Trying to stoke the economy, the RBA has held interest rates at a record low 2.5% for more than a year, but has only been rewarded with stagnant economic growth, a rise in unemployment and soaring housing prices.

The Australian dollar, or Aussie, was trading at around 89 U.S. cents in Asian hours Tuesday, down from around 94 U.S. cents in early September and US$105.50 as recently as April 2013. A resurgent U.S. dollar, evidence of slowing industrial production in China, weak commodity prices, and expectations that domestic interest rates will remain low for some time have hammered the Aussie.

RBA Governor Glenn Stevens has been jawboning the currency lower for some time, saying that it had been out of step with economic fundamentals and was overdue for a sharp decline.

Faced with a moribund economy, Mr. Stevens recently called on the “animal spirits” of business to lift the economy through increased investment, signaling that he had done about all he could in terms of lowering interest rates.

Another rate cut is seen unlikely, given the surge in property prices. In Sydney, for example, they have jumped 15% over the past 12 months.

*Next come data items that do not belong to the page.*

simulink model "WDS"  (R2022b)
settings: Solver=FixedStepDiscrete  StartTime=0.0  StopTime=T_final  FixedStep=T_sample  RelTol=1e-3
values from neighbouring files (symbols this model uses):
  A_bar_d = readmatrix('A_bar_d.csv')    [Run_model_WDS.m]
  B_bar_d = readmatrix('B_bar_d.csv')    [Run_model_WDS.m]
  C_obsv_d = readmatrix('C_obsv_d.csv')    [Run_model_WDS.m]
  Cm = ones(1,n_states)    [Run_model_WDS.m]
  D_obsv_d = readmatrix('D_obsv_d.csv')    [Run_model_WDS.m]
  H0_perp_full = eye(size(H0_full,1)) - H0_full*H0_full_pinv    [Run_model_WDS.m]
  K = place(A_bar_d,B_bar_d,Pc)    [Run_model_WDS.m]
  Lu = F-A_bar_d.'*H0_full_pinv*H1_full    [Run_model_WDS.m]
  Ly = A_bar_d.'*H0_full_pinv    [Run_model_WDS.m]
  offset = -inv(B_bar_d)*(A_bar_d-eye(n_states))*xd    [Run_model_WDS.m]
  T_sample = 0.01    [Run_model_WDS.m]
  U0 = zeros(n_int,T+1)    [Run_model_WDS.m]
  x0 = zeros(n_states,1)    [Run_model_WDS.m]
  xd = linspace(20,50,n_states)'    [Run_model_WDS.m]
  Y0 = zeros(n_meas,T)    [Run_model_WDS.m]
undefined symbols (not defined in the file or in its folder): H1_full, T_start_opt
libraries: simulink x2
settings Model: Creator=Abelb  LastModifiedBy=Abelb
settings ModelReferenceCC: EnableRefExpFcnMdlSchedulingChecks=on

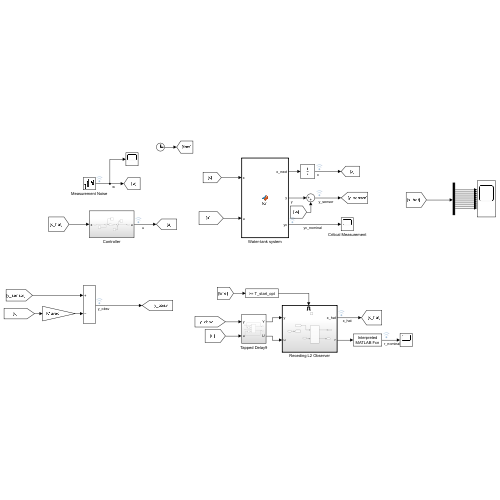
[thumbnail: Simulink's stored preview of the top-level diagram]
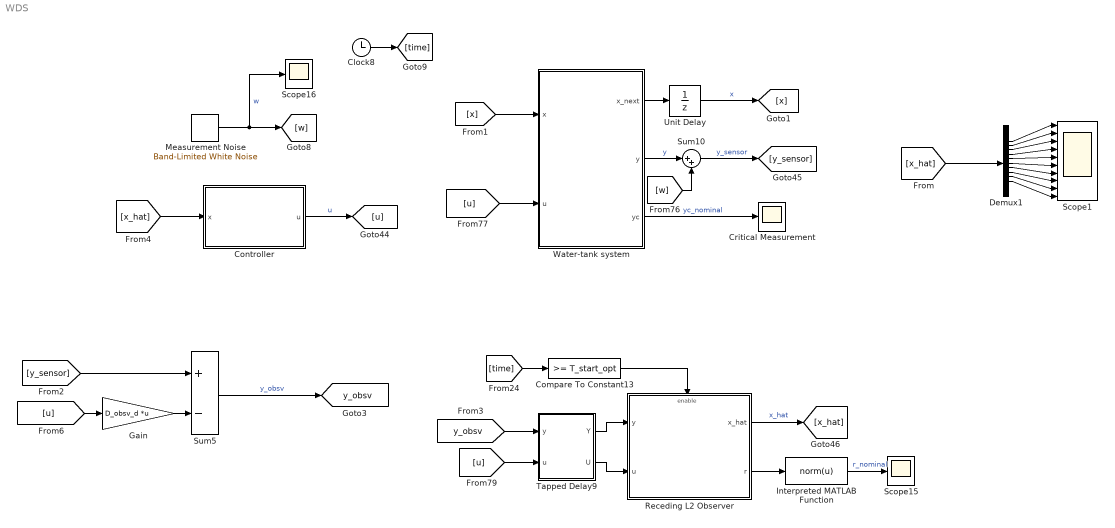
== system WDS ==
  Clock8 : Clock
  Compare To Constant13 : simulink/Logic and Bit Operations/Compare To Constant  relop=>=  const=T_start_opt  OutDataTypeStr=boolean
  Controller : Subsystem
  Critical Measurement : Scope
  Demux1 : Demux  Outputs=n_states
  Gain : Gain  Gain=D_obsv_d  Multiplication=Matrix(K*u) (u vector)
  Interpreted MATLAB Function : MATLABFcn  MATLABFcn=norm(u)
  Measurement Noise : simulink/Sources/Band-Limited White Noise  Cov=[1e-7]  Ts=T_sample  seed=[23341]
  Receding L2 Observer : Subsystem
  Scope1 : Scope  NumInputPorts=10
  Scope15 : Scope
  Scope16 : Scope
  Sum10 : Sum  Inputs=|++
  Sum5 : Sum  Inputs=+-
  Tapped Delay9 : Subsystem
  Unit Delay : UnitDelay  InitialCondition=x0  SampleTime=-1  HasFrameUpgradeWarning=on
  Water-tank system : MATLAB Function  TreatAsAtomicUnit=on
  tag scope: y_obsv=global
  wires:
  [y_obsv] -> Tapped Delay9/1(y)
  Measurement Noise/1 -> Scope16/1, [w]  "w"
  Receding L2 Observer/2(r) -> Interpreted MATLAB Function/1
  Unit Delay/1 -> [x]  "x"
  Water-tank system/3(yc) -> Critical Measurement/1  "yc_nominal"
  Interpreted MATLAB Function/1 -> Scope15/1  "r_nominal"
  [w] -> Sum10/2
  [x_hat] -> Controller/1(x)
  Compare To Constant13/1 -> Receding L2 Observer/Enable
  [time] -> Compare To Constant13/1
  Receding L2 Observer/1(x_hat) -> [x_hat]  "x_hat"
  [u] -> Water-tank system/2(u)
  Sum10/1 -> [y_sensor]  "y_sensor"
  Tapped Delay9/1(Y) -> Receding L2 Observer/1(y)
  Controller/1(u) -> [u]  "u"
  Tapped Delay9/2(U) -> Receding L2 Observer/2(u)
  Water-tank system/2(y) -> Sum10/1  "y"
  [u] -> Tapped Delay9/2(u)
  Water-tank system/1(x_next) -> Unit Delay/1
  [y_sensor] -> Sum5/1
  [u] -> Gain/1
  Gain/1 -> Sum5/2
  Sum5/1 -> [y_obsv]  "y_obsv"
  Demux1/1 -> Scope1/1
  Demux1/3 -> Scope1/3
  Demux1/9 -> Scope1/9
  Demux1/6 -> Scope1/6
  Demux1/5 -> Scope1/5
  Demux1/4 -> Scope1/4
  Demux1/8 -> Scope1/8
  Demux1/2 -> Scope1/2
  Demux1/7 -> Scope1/7
  Demux1/10 -> Scope1/10
  [x_hat] -> Demux1/1
  Clock8/1 -> [time]
  [x] -> Water-tank system/1(x)

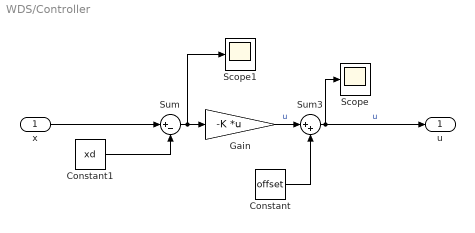
== system WDS/Controller ==
  x : Inport
  Constant : Constant  Value=offset
  Constant1 : Constant  Value=xd
  Gain : Gain  Gain=-K  Multiplication=Matrix(K*u) (u vector)
  Scope : Scope
  Scope1 : Scope
  Sum : Sum  Inputs=|+-
  Sum3 : Sum  Inputs=|++
  u : Outport
  wires:
  Sum3/1 -> u/1, Scope/1  "u"
  Constant/1 -> Sum3/2
  Constant1/1 -> Sum/2
  Gain/1 -> Sum3/1  "u"
  Sum/1 -> Scope1/1, Gain/1
  x/1 -> Sum/1

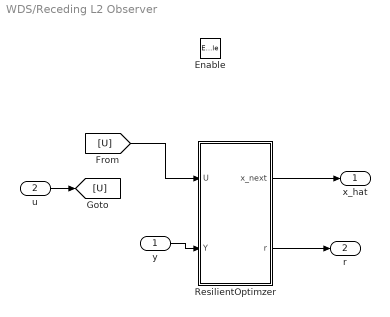
== system WDS/Receding L2 Observer ==
  y : Inport
  u : Inport  Port=2
  Enable : EnablePort
  ResilientOptimzer : MATLAB Function  TreatAsAtomicUnit=on
  x_hat : Outport
  r : Outport  Port=2
  wires:
  u/1 -> [U]
  y/1 -> ResilientOptimzer/2(Y)
  [U] -> ResilientOptimzer/1(U)
  ResilientOptimzer/1(x_next) -> x_hat/1
  ResilientOptimzer/2(r) -> r/1

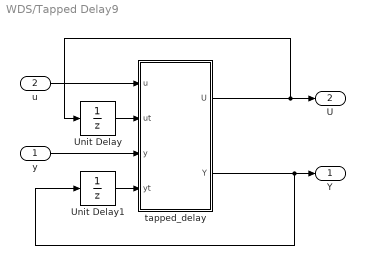
== system WDS/Tapped Delay9 ==
  y : Inport
  u : Inport  Port=2
  Unit Delay : UnitDelay  InitialCondition=U0  SampleTime=-1  HasFrameUpgradeWarning=on
  Unit Delay1 : UnitDelay  InitialCondition=Y0  SampleTime=-1  HasFrameUpgradeWarning=on
  tapped_delay : MATLAB Function  TreatAsAtomicUnit=on
  Y : Outport
  U : Outport  Port=2
  wires:
  u/1 -> tapped_delay/1(u)
  y/1 -> tapped_delay/3(y)
  tapped_delay/1(U) -> Unit Delay/1, U/1
  tapped_delay/2(Y) -> Unit Delay1/1, Y/1
  Unit Delay/1 -> tapped_delay/2(ut)
  Unit Delay1/1 -> tapped_delay/4(yt)

== matlab function WDS/Receding L2 Observer/ResilientOptimzer ==
  data: x_next output; U input; Y input; Ly parameter; Lu parameter; H0_perp_full parameter; H1_full parameter; r output
function [x_next,r]  = fcn(U,Y, Ly, Lu,H0_perp_full, H1_full)


u_local = U(:,1:end-1);
% vectorized
u = u_local(:);
y = Y(:);

x_next = zeros(10,1);
x_next(:) = Ly*y + Lu*u;

r = H0_perp_full*(y-H1_full*u);

== matlab function WDS/Tapped Delay9/tapped_delay ==
  data: u input; U output; ut input; y input; yt input; Y output
function [U,Y] = fcn(u,ut,y,yt)
%% tapped_delay_array
% shift columns from tapped matrix to the left and appends most recent
% vector to the last column
%%% input
ut(:,1:end-1) = ut(:,2:end);
ut(:,end) = u;
U = ut;
%%% output
yt(:,1:end-1) = yt(:,2:end);
yt(:,end) = y;
Y = yt;

== matlab function WDS/Water-tank system ==
  data: x input; x_next output; u input; y output; A_bar_d parameter; C_obsv_d parameter; B_bar_d parameter; D_obsv_d parameter; yc output; Cm parameter
function [x_next,y,yc] = fcn(x,u,A_bar_d,C_obsv_d,B_bar_d,D_obsv_d,Cm)
% Discrete state-space model for system

x_next = A_bar_d*x + B_bar_d*u ;

y = C_obsv_d*x + D_obsv_d*u;

% critical measurements
yc = Cm*x;

Further declines in the Aussie would also be welcomed as a tonic for a struggling economy, particularly given that the price of iron ore, Australia’s biggest export, was trading at a five-year low Tuesday, having fallen more than 40% this year.

Saul Eslake, chief economist at Bank of America-Merrill Lynch, said a mix of factors is pushing the Aussie lower, and the RBA will view them very differently.

The first is the indication that the U.S. Federal Reserve will normalize monetary policy next year, which has strengthened the U.S. dollar.

“If that is the main cause of the fall in the Australian dollar, then the Reserve Bank will breathe a sigh of relief as it will materially assist the rebalancing of the economy,” Mr. Eslake said.

The central bank would be less pleased, though, if a slowdown in China becomes the bigger driver of the currency’s weakness, he added, given that it would damp growth prospects.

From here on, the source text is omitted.